Web-Supervised Network with Softly Update-Drop Training for Fine-Grained Visual Classification

Authors: Chuanyi Zhang, Yazhou Yao, Huafeng Liu, Guo-Sen Xie, Xiangbo Shu, Tianfei Zhou, Zheng Zhang, Fumin Shen, Zhenmin Tang12781-12788

AAAI 2020 | Conference PDF | Archive PDF | Plain Text | LLM Run Details

Reproducibility Variable Result LLM Response
Research Type Experimental Extensive experiments on three commonly used fine-grained datasets demonstrate that our approach is much superior to state-of-the-art webly supervised methods.
Researcher Affiliation Academia Nanjing University of Science and Technology, China, Inception Institute of Artificial Intelligence, UAE Harbin Institute of Technology, Shenzhen, China, University of Electronic Science and Technology of China
Pseudocode Yes Algorithm 1: Softly Update-Drop Training
Open Source Code Yes The data and source code of this work have been made anonymously available at: https://github.com/z337-408/WSNFGVC.
Open Datasets Yes We evaluate our approach on three benchmark fine-grained datasets, CUB200-2011 (Wah et al. 2011), FGVC-aircraft (Maji et al. 2013), and Cars-196 (Krause et al. 2013).
Dataset Splits No The paper states, "We treat the retrieved web images as the training set and directly adopt the testing data from CUB200-2011, FGVC-aircraft, and Cars-196 as the test set". While it defines training and test sets, it does not explicitly mention a separate validation set or provide details on how data was split for validation, such as percentages or counts.
Hardware Specification Yes Experiments are conducted on two NVIDIA V100 GPU cards.
Software Dependencies No The paper mentions using "Adam optimizer" and "VGG-16" for initialization, but it does not specify version numbers for any software dependencies like programming languages, deep learning frameworks (e.g., PyTorch, TensorFlow), or other libraries.
Experiment Setup Yes We select the maximum drop rate τ from the values of {0.15, 0.2, 0.25, 0.3} and epoch Tk from the values of {5, 10, 15, 20}. Through experiments, we ultimately set τ = 0.25 and Tk = 10 as the default value on CUB200 and FGVC-aircraft datasets, and set τ = 0.20 and Tk = 10 on Cars-196 dataset.
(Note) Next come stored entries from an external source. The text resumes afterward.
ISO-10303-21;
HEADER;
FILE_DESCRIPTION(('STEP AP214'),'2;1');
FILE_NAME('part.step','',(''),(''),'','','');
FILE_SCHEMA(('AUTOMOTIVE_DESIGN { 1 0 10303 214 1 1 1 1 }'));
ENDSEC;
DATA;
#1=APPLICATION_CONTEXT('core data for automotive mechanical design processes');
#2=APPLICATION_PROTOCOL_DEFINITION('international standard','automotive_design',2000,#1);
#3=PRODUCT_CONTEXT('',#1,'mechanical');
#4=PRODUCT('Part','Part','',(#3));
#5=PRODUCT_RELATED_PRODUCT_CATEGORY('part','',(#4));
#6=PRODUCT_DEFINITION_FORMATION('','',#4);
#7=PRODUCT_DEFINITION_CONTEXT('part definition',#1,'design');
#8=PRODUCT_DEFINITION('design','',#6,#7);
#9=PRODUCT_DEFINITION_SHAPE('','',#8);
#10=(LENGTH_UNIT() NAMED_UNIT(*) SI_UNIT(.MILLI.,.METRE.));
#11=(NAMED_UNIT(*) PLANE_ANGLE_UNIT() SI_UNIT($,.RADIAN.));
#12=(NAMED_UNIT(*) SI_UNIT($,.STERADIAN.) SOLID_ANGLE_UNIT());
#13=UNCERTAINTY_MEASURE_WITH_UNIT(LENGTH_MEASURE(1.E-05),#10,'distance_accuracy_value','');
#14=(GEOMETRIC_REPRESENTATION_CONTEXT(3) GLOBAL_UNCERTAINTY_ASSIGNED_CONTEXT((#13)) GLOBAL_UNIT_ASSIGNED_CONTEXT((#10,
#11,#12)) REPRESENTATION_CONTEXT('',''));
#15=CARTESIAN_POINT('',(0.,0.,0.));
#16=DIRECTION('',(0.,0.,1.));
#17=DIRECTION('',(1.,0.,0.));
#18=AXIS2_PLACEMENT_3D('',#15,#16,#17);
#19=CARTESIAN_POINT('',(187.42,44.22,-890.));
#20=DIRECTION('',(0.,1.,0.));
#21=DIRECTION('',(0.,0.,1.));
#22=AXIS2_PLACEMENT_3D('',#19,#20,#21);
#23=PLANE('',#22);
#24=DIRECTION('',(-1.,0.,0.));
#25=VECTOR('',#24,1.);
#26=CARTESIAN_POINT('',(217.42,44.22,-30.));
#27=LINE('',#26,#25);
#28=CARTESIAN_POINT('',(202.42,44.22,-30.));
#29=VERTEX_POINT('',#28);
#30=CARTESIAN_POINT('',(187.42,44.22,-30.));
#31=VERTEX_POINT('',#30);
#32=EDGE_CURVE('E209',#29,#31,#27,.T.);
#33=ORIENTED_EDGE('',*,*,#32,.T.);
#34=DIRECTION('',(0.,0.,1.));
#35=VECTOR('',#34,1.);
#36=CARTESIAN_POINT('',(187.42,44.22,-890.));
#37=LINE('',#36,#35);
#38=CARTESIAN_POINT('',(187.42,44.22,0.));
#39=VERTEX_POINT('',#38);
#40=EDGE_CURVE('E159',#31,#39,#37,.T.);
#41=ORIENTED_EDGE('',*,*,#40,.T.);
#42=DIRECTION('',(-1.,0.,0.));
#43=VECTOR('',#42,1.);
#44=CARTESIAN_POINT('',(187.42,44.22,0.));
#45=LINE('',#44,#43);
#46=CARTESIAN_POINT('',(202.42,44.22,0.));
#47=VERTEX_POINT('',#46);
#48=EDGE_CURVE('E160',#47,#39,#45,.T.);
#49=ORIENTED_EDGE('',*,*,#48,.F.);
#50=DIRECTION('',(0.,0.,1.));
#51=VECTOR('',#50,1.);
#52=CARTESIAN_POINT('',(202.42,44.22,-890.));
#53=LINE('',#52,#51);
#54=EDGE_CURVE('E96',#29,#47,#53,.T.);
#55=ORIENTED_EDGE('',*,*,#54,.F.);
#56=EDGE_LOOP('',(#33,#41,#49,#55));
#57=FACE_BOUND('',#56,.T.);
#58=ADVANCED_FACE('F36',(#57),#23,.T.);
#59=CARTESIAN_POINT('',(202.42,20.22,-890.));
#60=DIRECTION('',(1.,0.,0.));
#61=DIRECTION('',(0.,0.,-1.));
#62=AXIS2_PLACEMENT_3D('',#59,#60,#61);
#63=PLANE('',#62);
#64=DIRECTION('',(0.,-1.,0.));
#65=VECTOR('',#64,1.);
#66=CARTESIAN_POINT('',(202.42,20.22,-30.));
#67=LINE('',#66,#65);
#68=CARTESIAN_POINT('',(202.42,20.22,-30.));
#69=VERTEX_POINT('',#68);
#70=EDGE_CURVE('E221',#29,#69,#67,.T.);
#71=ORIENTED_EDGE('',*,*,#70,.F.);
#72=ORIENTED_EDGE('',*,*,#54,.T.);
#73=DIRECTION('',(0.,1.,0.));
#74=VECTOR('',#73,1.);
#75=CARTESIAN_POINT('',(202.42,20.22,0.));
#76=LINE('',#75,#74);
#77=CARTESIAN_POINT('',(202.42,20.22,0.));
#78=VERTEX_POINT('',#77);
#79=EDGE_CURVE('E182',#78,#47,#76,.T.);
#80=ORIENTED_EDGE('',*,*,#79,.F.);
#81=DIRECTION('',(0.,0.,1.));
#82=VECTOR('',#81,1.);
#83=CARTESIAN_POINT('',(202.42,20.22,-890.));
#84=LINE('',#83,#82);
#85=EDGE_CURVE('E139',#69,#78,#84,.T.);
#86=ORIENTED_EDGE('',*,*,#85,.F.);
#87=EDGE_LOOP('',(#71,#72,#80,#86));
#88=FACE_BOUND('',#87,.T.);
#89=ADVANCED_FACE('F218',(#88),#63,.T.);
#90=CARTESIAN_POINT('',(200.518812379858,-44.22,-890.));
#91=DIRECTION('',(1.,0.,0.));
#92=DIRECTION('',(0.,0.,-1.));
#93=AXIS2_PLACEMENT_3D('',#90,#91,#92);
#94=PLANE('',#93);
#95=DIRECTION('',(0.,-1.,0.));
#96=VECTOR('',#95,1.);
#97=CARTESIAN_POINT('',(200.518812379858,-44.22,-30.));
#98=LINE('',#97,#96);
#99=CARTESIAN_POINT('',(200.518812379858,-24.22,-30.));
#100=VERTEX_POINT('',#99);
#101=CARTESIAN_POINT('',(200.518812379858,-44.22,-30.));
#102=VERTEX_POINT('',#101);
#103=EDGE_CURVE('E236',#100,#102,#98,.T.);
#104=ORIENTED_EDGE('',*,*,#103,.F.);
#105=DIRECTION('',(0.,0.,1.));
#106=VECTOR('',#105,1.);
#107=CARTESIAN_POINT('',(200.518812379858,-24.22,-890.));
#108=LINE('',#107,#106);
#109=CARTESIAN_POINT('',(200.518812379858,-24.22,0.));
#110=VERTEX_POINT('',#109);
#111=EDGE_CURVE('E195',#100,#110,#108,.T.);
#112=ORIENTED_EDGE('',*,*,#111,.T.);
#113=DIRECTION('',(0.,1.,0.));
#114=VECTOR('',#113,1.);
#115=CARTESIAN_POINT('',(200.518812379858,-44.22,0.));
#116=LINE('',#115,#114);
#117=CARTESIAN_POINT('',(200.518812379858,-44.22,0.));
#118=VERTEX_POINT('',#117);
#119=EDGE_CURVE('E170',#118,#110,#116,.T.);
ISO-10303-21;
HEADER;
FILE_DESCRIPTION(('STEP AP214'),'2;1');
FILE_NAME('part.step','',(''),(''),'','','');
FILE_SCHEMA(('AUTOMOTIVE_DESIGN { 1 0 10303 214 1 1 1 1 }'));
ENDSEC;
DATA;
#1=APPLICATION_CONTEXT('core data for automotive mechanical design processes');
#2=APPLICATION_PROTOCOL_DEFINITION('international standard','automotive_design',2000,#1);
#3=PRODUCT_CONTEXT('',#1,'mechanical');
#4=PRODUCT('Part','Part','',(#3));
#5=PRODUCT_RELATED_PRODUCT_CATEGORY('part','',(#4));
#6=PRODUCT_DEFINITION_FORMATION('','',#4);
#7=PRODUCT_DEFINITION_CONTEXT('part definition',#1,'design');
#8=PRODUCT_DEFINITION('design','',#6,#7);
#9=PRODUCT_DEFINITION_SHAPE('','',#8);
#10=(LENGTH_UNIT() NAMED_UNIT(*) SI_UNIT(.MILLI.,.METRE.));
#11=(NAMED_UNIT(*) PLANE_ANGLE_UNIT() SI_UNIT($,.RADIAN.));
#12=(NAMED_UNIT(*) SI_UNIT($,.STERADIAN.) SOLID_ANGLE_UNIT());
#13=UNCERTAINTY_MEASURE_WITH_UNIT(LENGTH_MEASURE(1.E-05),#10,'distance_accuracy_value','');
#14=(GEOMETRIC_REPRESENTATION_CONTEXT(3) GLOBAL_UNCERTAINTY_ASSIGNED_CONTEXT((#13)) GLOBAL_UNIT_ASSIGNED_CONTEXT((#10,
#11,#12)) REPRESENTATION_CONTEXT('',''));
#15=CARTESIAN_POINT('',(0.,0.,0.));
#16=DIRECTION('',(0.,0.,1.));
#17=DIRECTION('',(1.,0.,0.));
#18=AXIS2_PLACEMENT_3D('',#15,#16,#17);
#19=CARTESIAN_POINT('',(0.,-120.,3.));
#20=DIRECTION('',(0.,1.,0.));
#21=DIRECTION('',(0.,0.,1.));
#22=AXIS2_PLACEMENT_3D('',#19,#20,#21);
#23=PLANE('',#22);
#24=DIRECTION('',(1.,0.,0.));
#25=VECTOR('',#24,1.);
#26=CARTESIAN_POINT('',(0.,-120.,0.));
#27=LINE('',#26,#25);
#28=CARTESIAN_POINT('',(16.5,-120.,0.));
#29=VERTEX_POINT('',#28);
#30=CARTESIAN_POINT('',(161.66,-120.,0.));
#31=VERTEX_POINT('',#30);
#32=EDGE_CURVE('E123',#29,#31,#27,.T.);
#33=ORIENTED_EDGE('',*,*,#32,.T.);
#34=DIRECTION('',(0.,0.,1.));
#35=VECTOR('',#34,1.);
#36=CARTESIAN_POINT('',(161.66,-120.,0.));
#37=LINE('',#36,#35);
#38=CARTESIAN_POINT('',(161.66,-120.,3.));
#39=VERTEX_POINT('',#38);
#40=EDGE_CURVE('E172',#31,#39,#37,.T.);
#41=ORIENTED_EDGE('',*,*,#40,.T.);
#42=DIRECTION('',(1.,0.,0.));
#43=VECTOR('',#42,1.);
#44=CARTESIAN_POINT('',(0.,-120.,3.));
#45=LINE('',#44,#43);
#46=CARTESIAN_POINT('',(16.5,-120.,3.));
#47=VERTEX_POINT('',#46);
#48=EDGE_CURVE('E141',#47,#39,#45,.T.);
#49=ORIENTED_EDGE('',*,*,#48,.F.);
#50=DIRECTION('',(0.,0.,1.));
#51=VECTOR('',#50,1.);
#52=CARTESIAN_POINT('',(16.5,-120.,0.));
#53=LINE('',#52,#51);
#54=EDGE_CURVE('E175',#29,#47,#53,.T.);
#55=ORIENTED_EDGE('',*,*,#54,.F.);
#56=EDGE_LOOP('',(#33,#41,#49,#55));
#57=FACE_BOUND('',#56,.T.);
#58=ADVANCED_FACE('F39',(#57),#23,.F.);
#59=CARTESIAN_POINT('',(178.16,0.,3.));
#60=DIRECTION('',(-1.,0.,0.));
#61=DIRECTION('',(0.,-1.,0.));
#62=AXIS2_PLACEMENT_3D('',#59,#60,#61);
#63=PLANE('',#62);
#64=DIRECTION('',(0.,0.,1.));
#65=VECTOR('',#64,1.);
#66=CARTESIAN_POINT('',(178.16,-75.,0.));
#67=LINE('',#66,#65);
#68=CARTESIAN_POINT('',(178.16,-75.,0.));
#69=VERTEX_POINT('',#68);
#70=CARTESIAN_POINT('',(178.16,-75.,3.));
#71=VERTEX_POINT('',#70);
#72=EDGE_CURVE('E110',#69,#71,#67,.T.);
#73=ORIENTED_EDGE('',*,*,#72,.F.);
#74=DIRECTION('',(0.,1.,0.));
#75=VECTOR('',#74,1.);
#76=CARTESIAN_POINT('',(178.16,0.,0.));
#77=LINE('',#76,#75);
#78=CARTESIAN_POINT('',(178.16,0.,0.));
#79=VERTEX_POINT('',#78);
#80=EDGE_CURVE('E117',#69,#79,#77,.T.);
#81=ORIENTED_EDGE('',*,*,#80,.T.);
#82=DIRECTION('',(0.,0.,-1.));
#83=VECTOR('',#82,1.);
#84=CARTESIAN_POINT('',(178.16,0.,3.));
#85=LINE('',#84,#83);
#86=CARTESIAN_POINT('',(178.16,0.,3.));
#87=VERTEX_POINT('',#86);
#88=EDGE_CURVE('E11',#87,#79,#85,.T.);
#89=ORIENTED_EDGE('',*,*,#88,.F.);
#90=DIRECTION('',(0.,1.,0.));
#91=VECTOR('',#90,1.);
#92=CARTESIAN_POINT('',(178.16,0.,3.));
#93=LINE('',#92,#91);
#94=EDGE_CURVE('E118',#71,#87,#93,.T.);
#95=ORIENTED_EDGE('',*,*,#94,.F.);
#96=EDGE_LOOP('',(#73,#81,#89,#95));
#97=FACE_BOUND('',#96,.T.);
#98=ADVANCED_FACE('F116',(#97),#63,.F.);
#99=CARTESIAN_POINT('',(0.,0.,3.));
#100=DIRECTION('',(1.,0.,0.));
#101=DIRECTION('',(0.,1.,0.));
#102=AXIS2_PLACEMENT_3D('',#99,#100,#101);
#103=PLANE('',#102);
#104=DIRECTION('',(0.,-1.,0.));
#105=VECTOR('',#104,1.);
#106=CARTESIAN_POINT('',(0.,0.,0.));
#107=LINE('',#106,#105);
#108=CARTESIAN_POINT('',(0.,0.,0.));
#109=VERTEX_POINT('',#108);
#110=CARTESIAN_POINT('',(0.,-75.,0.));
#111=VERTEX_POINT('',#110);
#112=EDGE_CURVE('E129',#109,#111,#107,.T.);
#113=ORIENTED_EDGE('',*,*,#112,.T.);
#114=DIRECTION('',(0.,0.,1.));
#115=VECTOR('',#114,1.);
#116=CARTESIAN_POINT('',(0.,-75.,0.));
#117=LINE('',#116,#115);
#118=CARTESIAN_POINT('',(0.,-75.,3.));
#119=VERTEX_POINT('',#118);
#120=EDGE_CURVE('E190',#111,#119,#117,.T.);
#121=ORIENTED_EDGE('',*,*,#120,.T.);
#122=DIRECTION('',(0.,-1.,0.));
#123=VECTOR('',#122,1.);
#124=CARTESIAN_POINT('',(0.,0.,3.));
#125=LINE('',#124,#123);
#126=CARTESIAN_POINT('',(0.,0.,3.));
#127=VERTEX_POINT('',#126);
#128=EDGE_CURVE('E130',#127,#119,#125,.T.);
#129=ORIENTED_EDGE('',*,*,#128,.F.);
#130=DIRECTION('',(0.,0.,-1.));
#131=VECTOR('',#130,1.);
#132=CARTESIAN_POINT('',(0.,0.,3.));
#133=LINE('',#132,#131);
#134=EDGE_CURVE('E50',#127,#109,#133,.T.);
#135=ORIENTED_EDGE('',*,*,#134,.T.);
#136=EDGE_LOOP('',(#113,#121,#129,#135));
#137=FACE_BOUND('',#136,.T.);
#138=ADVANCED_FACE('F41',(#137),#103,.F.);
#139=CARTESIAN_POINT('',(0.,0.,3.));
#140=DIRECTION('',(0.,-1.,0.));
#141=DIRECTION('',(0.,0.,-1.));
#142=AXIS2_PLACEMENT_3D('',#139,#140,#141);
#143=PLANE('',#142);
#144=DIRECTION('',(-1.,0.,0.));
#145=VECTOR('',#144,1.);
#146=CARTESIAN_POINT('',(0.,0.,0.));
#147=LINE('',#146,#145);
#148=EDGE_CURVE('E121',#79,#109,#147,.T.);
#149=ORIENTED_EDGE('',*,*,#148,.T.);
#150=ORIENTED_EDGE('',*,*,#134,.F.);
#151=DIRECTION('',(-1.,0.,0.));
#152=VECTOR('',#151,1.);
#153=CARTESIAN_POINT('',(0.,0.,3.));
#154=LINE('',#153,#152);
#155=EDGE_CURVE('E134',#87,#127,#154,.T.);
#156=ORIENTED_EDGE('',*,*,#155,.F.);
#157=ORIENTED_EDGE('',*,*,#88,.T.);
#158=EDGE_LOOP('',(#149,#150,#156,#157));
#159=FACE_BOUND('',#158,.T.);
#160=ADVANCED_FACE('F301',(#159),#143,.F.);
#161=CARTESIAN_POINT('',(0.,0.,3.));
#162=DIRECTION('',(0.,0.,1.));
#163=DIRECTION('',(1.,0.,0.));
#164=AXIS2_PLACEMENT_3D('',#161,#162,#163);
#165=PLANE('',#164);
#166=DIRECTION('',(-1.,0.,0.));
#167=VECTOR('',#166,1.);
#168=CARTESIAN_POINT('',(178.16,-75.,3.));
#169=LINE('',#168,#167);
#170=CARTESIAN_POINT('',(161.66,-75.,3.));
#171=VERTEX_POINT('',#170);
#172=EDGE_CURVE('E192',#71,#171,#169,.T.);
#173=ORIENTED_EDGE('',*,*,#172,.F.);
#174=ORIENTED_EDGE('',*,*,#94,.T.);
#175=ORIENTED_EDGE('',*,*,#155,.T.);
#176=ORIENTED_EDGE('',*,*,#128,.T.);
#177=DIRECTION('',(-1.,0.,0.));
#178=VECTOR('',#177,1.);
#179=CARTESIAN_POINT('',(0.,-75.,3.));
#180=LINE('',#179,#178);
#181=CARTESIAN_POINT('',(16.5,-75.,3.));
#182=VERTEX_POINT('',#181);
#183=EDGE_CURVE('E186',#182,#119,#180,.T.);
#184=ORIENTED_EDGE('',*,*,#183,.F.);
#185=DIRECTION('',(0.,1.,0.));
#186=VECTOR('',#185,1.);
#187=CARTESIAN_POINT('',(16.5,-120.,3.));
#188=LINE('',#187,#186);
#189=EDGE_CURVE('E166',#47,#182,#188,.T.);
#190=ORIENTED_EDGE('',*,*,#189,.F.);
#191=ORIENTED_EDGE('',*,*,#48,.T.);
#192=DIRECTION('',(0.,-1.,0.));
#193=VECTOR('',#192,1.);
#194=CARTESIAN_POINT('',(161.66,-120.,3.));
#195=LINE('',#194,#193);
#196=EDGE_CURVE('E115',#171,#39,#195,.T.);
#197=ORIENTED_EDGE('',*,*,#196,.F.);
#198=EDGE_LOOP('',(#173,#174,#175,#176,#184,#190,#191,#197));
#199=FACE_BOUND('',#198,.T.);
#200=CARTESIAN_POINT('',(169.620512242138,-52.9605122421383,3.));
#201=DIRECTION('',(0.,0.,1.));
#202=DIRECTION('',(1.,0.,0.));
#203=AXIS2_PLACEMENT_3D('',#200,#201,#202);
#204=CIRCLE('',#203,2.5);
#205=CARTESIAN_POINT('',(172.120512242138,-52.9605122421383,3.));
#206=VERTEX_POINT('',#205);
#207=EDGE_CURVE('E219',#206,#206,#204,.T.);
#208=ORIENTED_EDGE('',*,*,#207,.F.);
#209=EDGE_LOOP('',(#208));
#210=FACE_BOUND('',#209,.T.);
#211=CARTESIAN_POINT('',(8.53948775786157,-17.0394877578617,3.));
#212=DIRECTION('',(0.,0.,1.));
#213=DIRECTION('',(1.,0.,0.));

For model training, we follow (Lin, Roy Chowdhury, and Maji 2015) and adopt a two-step training strategy. Specifically, we first freeze the convolutional layer parameters and only optimize the last fully connected layer. Then we optimize all layers in the previously learned model. In the experiment, we use Adam optimizer with momentum=0.9. The learning rate, batch size, and epoch number in the first step are set to 0.001, 128 and 200, while in the second step, they are set to 0.0001, 64 and 100, respectively.